# Vic PPB 19/8 or 20/8



## PhilipL (Apr 15, 2006)

Anyone keen for a fish this Weekend? The only time NOT GOOD for me is Saturday arvo.

Thinking Sat morning Ricketts at this stage, but open to suggestions of course. Could definitely be tempted to go chasing salmon. Tides Sat 11.00am and Sun 12noon. 10-15 knots Sat (don't know Sun as yet)

Now, anyone been to Anaconda?? Did the drive and spent the better part of a couple of hours there Sunday - had fish withdrawls so had to make it up somehow...hmmm, that store could be a problem... for the pumkinseed fans, whats the 3" minnow 400x pumpkinseed like? How does it compare to the Realistix (scales & ribs) pumpkinseed version?

Scott - what's at Balnarring? (probably too far for me this weekend though)


----------



## Squidder (Sep 2, 2005)

Hey Phil,

I am best placed for a SUNDAY morning paddle this weekend, but may be able to squeeze one in on Saturday too if circumastances are favourable - I'll keep ya posted. I'd suggest Ricketts Point if you're still debating where to go, good pinkies to be had if you're patient/lucky. 

I love Anaconda - Squidette and I have bought rods, reels, SPs, HBs, line, PFDs and camping gear there - I try to keep away from the place because I know that I'm going to walk out a few $100 lighter each time.

I assume you're referring to the GULP (400x) pumpkinseed minnows? Last weekend there appeared to be a hierarchy - the GULP minnows and Realistix minnows were outfishing the regular power minnows. In particular the GULPs were better for the flatties at Mornington, and having not had a hit on a power minnow at Ricketts, I changed to a GULP and hooked a keeper pinky first cast. Hoit continued to brain them on his realistix pumpkinseed minnow for the whole session.

I've given up on specifically targetting salmon, I reckon they're either there or not, and you're lucky if you're there when they are. :?


----------



## PoddyMullet (Aug 29, 2005)

Like a variable wind my weekend plans have changed again, and I'd like to hook up as well gents. At this stage either day suits...and I'll keep a beedy peeper on both weather/this thread to see what nasty plan ya both come up with.
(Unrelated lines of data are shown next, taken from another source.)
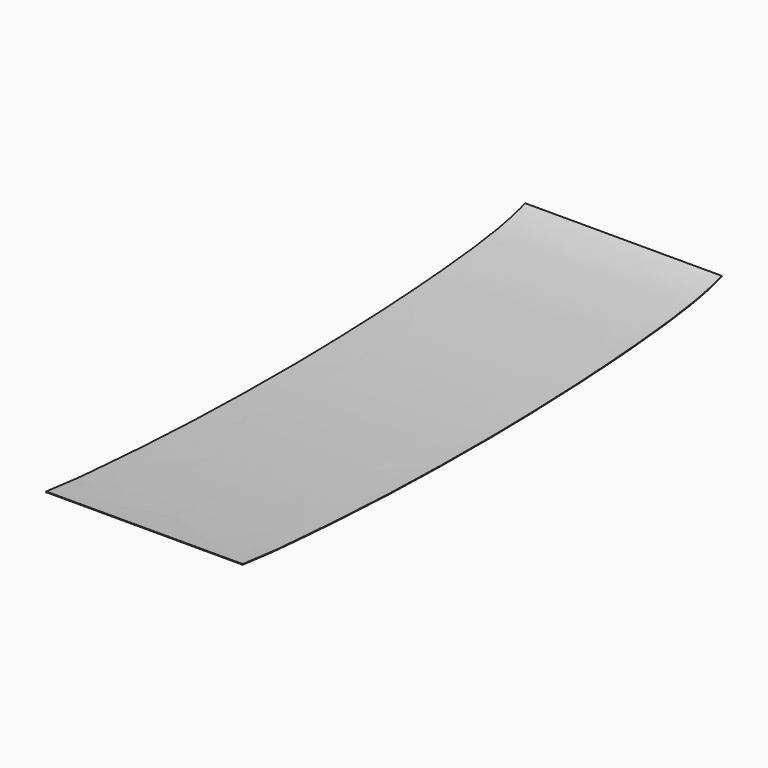
from build123d import *

# Parameters (mm, degrees)
F1_DEPTH = 1000


# Not quite as in the source:
# - the dataset's text gives a spline's control points without its knots; the knots are read off the source's solid


with BuildPart() as f1:
    # F0 (on Right) → F1 (new body)
    with BuildSketch(Plane.YZ):
        with BuildLine():
            Line((-1523.3073018893, 74.9343461632), (-1524, 72))
            add(Edge.make_bspline(
                [(-1524, 72), (-1523.5133752437, 71.8851246477), (-1408.7912269509, 59.1603797095), (-1328.1228770954, 51.1281516651), (-1222.9492078542, 42.3479525491), (-1124.2665744342, 37.4932045799), (-1023.94309645, 29.6764155139), (-924.0349531775, 23.805994689), (-823.9918225167, 19.1036206425), (-724.0143825979, 13.7803509145), (-624.0088625202, 9.7776519647), (-523.9984371896, 7.1107007848), (-424.0073790506, 3.7798389716), (-324.0036932597, 1.7707717723), (-223.9995081657, 1.1373887456), (-124.0016068592, -0.3202987771), (-23.9998974277, 0.1438353394), (76.0011965648, -0.2550497721), (176.0034437181, 0.8764133936), (276.0075220578, 2.7497464803), (375.9981147016, 6.1254124825), (476.0100095315, 8.748896998), (576.0101158316, 12.8806862016), (676.01688664, 17.7313952533), (775.9937905409, 24.1977156997), (876.0403182227, 29.4795593065), (976.0215348454, 37.8963611687), (1076.0108845518, 46.9469689387), (1176.1156760629, 56.3324859418), (1276.010139981, 69.7794335028), (1376.656372399, 84.6659141086), (1465.3163658887, 105.5732382543), (1523.5373474307, 124.8103882913), (1524, 125)],
                knots=[0, 0, 0, 0, 0.0326122587, 0.0652075875, 0.097773832, 0.1303174015, 0.1628715045, 0.195415074, 0.2279497224, 0.2604843708, 0.2930117147, 0.3255333739, 0.3580550332, 0.3905726301, 0.4230877889, 0.4556029477, 0.4881172936, 0.5206316396, 0.5531467984, 0.5856643953, 0.6181860545, 0.6507077138, 0.6832350577, 0.7157697061, 0.7483132755, 0.780856845, 0.8134230895, 0.846003078, 0.8785984068, 0.9112492637, 0.9439697331, 0.9769424993, 1, 1, 1, 1], degree=3))
            Line((1524, 125), (1522.8611233363, 127.7788590595))
            add(Edge.make_bspline(
                [(-1523.3073018888, 74.9343461725), (-1523.299966013, 74.9334494555), (-1523.2198083262, 74.9236681323), (-1523.0351200087, 74.9014757296), (-1522.6949712277, 74.8613702834), (-1522.281011374, 74.813156599), (-1521.6336009067, 74.7384018158), (-1520.6500623089, 74.6258641857), (-1519.2045189445, 74.4617964753), (-1517.5064355015, 74.2701394867), (-1515.5683567762, 74.0523015901), (-1512.680829434, 73.7288028034), (-1508.5334622756, 73.2659376191), (-1502.7946376568, 72.6279918709), (-1494.2583209074, 71.682132641), (-1482.1756974645, 70.3488200369), (-1466.2047587167, 68.5956437129), (-1452.3256836261, 67.0806516811), (-1441.2740386393, 65.880408023), (-1433.110295965, 64.9972258273), (-1425.1671741123, 64.1417787294), (-1417.5539457503, 63.3263016521), (-1410.2645680047, 62.550346295), (-1403.2674425262, 61.8106531305), (-1396.537552623, 61.1046865763), (-1387.8849679605, 60.2047266193), (-1377.6045448121, 59.1505684), (-1365.9130286935, 57.9773109209), (-1354.6549083103, 56.8742434495), (-1343.6186911004, 55.8198394852), (-1334.4298058641, 54.9637077803), (-1326.9788664776, 54.2816929058), (-1319.4219800533, 53.5975555479), (-1309.7497353302, 52.7359840788), (-1297.8474540558, 51.7014775596), (-1285.7037319278, 50.6746117593), (-1273.3759770786, 49.6640131639), (-1260.9207157003, 48.6782064212), (-1248.3948317049, 47.7257583557), (-1235.8547686388, 46.8151675408), (-1223.3585059103, 45.9551603228), (-1210.958467136, 45.1536129726), (-1198.6360512018, 44.3973720368), (-1182.2910618753, 43.4328778427), (-1161.9811113189, 42.2779329609), (-1141.733960569, 41.1063438127), (-1125.514377756, 40.1091337443), (-1109.2611940969, 39.0534264768), (-1088.8967781433, 37.6417694976), (-1064.4117108032, 35.8744683374), (-1039.9082234454, 34.1036747602), (-1015.4214251664, 32.4076032925), (-990.958447719, 30.8310333233), (-958.3559041302, 28.8609077144), (-917.6121754818, 26.6253211678), (-876.8270537221, 24.6041738352), (-844.188299385, 23.0081359533), (-811.54426929, 21.3890427801), (-770.7520458388, 19.2783937286), (-721.8187015492, 16.848406052), (-672.8806295114, 14.7386593589), (-623.9358370332, 12.9462115971), (-574.9808229355, 11.4733209265), (-526.005041876, 10.0876614049), (-477.0295609147, 8.5440536124), (-428.0730344258, 7.0598197918), (-379.1200369386, 5.8823730897), (-338.321993088, 5.170826056), (-305.6824661006, 4.7689805871), (-281.1977082019, 4.5277185043), (-256.7090728957, 4.3115855209), (-232.2162939694, 4.090917505), (-207.720091849, 3.8255327577), (-183.2304126015, 3.5332370927), (-158.7452897195, 3.2602517037), (-134.2650097936, 3.0431645046), (-109.789727149, 2.9312776117), (-85.3078661826, 2.9166511186), (-60.8211370084, 2.9506965411), (-36.3294557589, 2.9965217861), (-11.8319116788, 3.0049639707), (20.8245232819, 2.9629113558), (53.4728917987, 2.9232405587), (86.1112098449, 3.0295774046), (118.7514076717, 3.2573873147), (151.3937591024, 3.6350222195), (184.0390320755, 4.1158963002), (216.6820920486, 4.6583832374), (249.3215868938, 5.3193530019), (281.9548960454, 6.1457238508), (306.4319130454, 6.8510522932), (330.912698975, 7.6042301044), (355.3968946507, 8.3739629036), (379.8869681746, 9.1246335871), (412.5383858368, 10.0673562858), (445.1814763671, 10.9979485556), (477.8134164694, 12.0480507811), (510.4424680253, 13.219496519), (543.0722476693, 14.546141989), (575.7029912522, 15.9825228687), (608.3323919445, 17.476149314), (640.9554853129, 19.0819651007), (673.5701704718, 20.8514395746), (698.0289966565, 22.2760567825), (722.4923256935, 23.7613806024), (746.959737701, 25.2647132772), (771.4337349653, 26.7476087341), (795.9120908224, 28.1603042561), (820.3810299488, 29.5500781189), (844.8414236935, 30.9849244209), (869.2900729699, 32.5242275408), (893.7266679632, 34.2414118441), (918.1642800725, 36.1240069203), (942.6011356283, 38.1293353831), (967.0388018344, 40.2233411953), (991.4778005947, 42.3655125472), (1015.9147151689, 44.5405937528), (1040.3515045877, 46.746238925), (1064.7887107091, 48.9789966315), (1089.228663198, 51.2285077169), (1113.6602743849, 53.5224089098), (1138.0784076469, 55.920271631), (1158.4110852375, 58.048971006), (1174.6645543039, 59.857159664), (1190.9102081788, 61.7452795294), (1211.2108926353, 64.2454213124), (1235.570404771, 67.4303974807), (1255.8779464019, 70.2061975732), (1272.1338804738, 72.4811643118), (1288.3982257573, 74.7835615356), (1308.7247768932, 77.7323016393), (1333.0723979903, 81.485575974), (1353.2913924311, 84.8735386822), (1369.4051137127, 87.7890406266), (1385.4686390166, 90.8581906426), (1401.4699791607, 94.1779880698), (1417.461902047, 97.7770766137), (1429.4633970103, 100.6235368057), (1441.485185036, 103.6244809482), (1451.5307548628, 106.2601599676), (1459.590003099, 108.4533381993), (1465.6473631861, 110.1414458804), (1470.707424904, 111.585053419), (1474.7632266714, 112.7623756546), (1478.8258008787, 113.9552751797), (1483.891963184, 115.4664616), (1491.8465926311, 117.8813247966), (1499.3896545379, 120.2240497146), (1506.1509067278, 122.359109234), (1510.7385187374, 123.8227237097), (1514.7503113394, 125.1147858794), (1517.5364822246, 126.0202934524), (1519.3847183518, 126.6249470601), (1520.5687849618, 127.014259456), (1521.3771361125, 127.2815712044), (1521.9104782112, 127.4588524771), (1522.2520650523, 127.5728961012), (1522.5331982652, 127.6672909291), (1522.7149253271, 127.7288044967), (1522.8136870439, 127.762538229), (1522.8494466826, 127.7748332421), (1522.8611233501, 127.7788590193)],
                knots=[0.0013085711, 0.0013085711, 0.0013085711, 0.0013085711, 0.001359821, 0.0018575015, 0.0023551821, 0.0028528626, 0.0033505431, 0.0043459042, 0.0053412653, 0.0063366264, 0.0073319874, 0.0083273485, 0.0103180707, 0.0123087928, 0.014299515, 0.0182809593, 0.0222624036, 0.0262438479, 0.02823457, 0.0302252922, 0.0322160143, 0.0342067365, 0.0361974586, 0.0381881808, 0.0401789029, 0.0421696251, 0.0461510694, 0.0501325137, 0.054113958, 0.0580954023, 0.0620768466, 0.0640675687, 0.0660582909, 0.0700397352, 0.0740211795, 0.0780026238, 0.0819840681, 0.0859655124, 0.0899469567, 0.093928401, 0.0979098453, 0.1018912896, 0.1058727339, 0.1098541782, 0.1178170668, 0.1257799554, 0.1297613997, 0.133742844, 0.1417057326, 0.1496686212, 0.1576315098, 0.1655943984, 0.1735572871, 0.1815201757, 0.1974459529, 0.2133717301, 0.2213346187, 0.2292975073, 0.2452232845, 0.2611490617, 0.2770748389, 0.2930006161, 0.3089263933, 0.3248521705, 0.3407779477, 0.356703725, 0.3726295022, 0.3885552794, 0.396518168, 0.4044810566, 0.4124439452, 0.4204068338, 0.4283697224, 0.436332611, 0.4442954996, 0.4522583882, 0.4602212768, 0.4681841654, 0.476147054, 0.4841099426, 0.4920728312, 0.5000357198, 0.5159614971, 0.5239243857, 0.5318872743, 0.5478130515, 0.5557759401, 0.5637388287, 0.5796646059, 0.5876274945, 0.5955903831, 0.6035532717, 0.6115161603, 0.6194790489, 0.6274419375, 0.6433677147, 0.6513306033, 0.6592934919, 0.6752192691, 0.6831821577, 0.6911450464, 0.7070708236, 0.7150337122, 0.7229966008, 0.7309594894, 0.738922378, 0.7468852666, 0.7548481552, 0.7628110438, 0.7707739324, 0.778736821, 0.7866997096, 0.7946625982, 0.8026254868, 0.8105883754, 0.818551264, 0.8265141526, 0.8344770412, 0.8424399298, 0.8504028184, 0.858365707, 0.8663285957, 0.8742914843, 0.8782729286, 0.8822543729, 0.8902172615, 0.8981801501, 0.9061430387, 0.910124483, 0.9141059273, 0.9220688159, 0.9300317045, 0.9379945931, 0.9419760374, 0.9459574817, 0.9539203703, 0.9579018146, 0.9618832589, 0.9658647032, 0.9698461475, 0.9718368697, 0.9738275918, 0.975818314, 0.976813675, 0.9778090361, 0.9797997583, 0.9817904804, 0.9857719247, 0.9877626469, 0.989753369, 0.9917440912, 0.9937348133, 0.9947301744, 0.9957255355, 0.9967208966, 0.9972185771, 0.9977162576, 0.9982139382, 0.9987116187, 0.998960459, 0.9990969818, 0.9990969818, 0.9990969818, 0.9990969818], degree=3))
        make_face()
    extrude(amount=F1_DEPTH)


solid = f1.part

Ricketts works for me destination wise. :wink:


----------



## hoit (Aug 29, 2005)

I'm keen for a fish on the weekend. Either day is OK at this stage.

Anaconda is certainly worth the drive. Just don't take the wife or kids so you can spend some quality time there. 

The Gulps were working a treat on the Flatties last Saturday. Squidder felt sorry me when the Realistix were not working and tossed one over.

Regards
Grant


----------



## ScottLovig (Aug 7, 2006)

Hi Phill

At Balnaring, friends of mine have been getting plenty of pike and couta while trolling metal lures from a tinnie. One of them is also is also cursed by a 60cm salmon that keeps spitting the lure back right next to the boat. Its obviously a few fish he has missed but I have dubbed it (them) General Sherman and have bragged that I will sort this fish out for him.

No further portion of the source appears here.